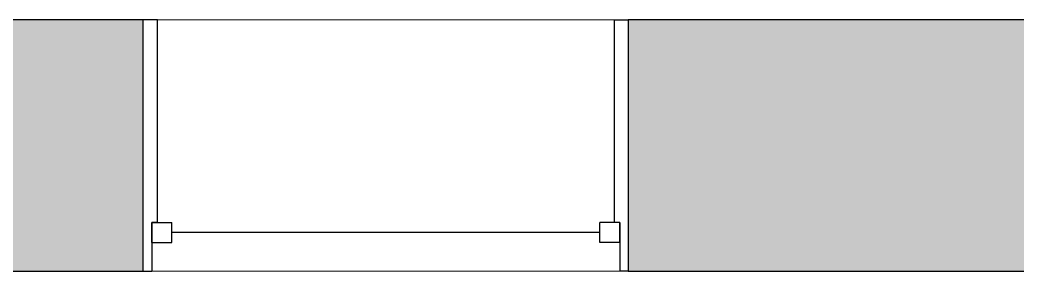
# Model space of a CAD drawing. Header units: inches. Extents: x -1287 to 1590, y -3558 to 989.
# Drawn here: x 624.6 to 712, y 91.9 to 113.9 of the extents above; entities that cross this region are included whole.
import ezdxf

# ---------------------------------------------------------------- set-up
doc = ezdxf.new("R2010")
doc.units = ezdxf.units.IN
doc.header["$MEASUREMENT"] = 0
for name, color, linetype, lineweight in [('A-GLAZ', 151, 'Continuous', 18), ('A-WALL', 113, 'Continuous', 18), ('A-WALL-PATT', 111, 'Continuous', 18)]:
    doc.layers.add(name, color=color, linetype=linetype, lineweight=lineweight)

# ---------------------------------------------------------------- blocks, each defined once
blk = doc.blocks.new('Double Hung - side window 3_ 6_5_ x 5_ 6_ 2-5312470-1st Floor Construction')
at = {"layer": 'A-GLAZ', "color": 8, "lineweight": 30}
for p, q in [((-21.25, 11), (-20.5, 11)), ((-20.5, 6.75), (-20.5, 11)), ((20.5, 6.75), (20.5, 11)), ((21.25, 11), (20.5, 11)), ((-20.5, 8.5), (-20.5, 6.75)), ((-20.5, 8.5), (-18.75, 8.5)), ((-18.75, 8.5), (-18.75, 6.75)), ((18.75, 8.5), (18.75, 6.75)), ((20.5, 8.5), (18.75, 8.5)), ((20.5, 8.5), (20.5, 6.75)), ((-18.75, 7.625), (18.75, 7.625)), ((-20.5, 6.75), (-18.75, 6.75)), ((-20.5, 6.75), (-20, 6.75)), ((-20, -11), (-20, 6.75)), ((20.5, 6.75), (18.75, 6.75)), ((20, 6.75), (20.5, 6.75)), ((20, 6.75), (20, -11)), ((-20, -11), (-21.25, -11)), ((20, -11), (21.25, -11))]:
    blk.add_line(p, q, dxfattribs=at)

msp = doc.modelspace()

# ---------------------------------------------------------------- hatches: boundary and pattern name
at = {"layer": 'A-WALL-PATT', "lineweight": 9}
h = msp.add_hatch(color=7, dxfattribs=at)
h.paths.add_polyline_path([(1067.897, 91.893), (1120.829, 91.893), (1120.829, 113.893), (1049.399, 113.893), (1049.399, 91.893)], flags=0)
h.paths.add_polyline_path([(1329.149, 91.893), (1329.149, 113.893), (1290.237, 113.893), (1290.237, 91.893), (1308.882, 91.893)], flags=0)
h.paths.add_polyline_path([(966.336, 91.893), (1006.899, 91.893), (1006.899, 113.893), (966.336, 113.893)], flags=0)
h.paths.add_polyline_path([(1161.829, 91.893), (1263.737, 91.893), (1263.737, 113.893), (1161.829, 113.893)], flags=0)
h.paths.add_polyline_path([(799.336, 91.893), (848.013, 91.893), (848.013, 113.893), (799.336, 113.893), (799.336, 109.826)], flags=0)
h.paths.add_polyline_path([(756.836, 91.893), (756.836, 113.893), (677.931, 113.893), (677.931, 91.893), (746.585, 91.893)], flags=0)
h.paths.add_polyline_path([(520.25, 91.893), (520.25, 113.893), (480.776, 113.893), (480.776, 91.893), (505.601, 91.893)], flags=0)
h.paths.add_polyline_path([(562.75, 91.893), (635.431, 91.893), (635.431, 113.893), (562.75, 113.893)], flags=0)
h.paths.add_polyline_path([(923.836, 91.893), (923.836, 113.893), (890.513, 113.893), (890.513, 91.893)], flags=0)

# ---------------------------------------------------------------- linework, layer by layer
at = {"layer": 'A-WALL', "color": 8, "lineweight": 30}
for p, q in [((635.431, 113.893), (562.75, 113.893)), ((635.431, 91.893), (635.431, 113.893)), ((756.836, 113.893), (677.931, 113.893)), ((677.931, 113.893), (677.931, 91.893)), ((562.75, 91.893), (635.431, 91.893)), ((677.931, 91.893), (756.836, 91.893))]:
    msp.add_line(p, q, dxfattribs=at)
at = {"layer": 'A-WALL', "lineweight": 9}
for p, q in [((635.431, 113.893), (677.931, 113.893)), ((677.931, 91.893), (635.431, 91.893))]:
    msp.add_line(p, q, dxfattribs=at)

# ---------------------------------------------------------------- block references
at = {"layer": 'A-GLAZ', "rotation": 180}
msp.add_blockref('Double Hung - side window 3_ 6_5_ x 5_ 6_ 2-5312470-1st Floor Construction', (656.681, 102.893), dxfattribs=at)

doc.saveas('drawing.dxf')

━━━━

Directions for this task
Find every line above where the word "name" occurs, and copy that line.

Exercise answer
for name, color, linetype, lineweight in [('A-GLAZ', 151, 'Continuous', 18), ('A-WALL', 113, 'Continuous', 18), ('A-WALL-PATT', 111, 'Continuous', 18)]:
    doc.layers.add(name, color=color, linetype=linetype, lineweight=lineweight)
# ---------------------------------------------------------------- hatches: boundary and pattern name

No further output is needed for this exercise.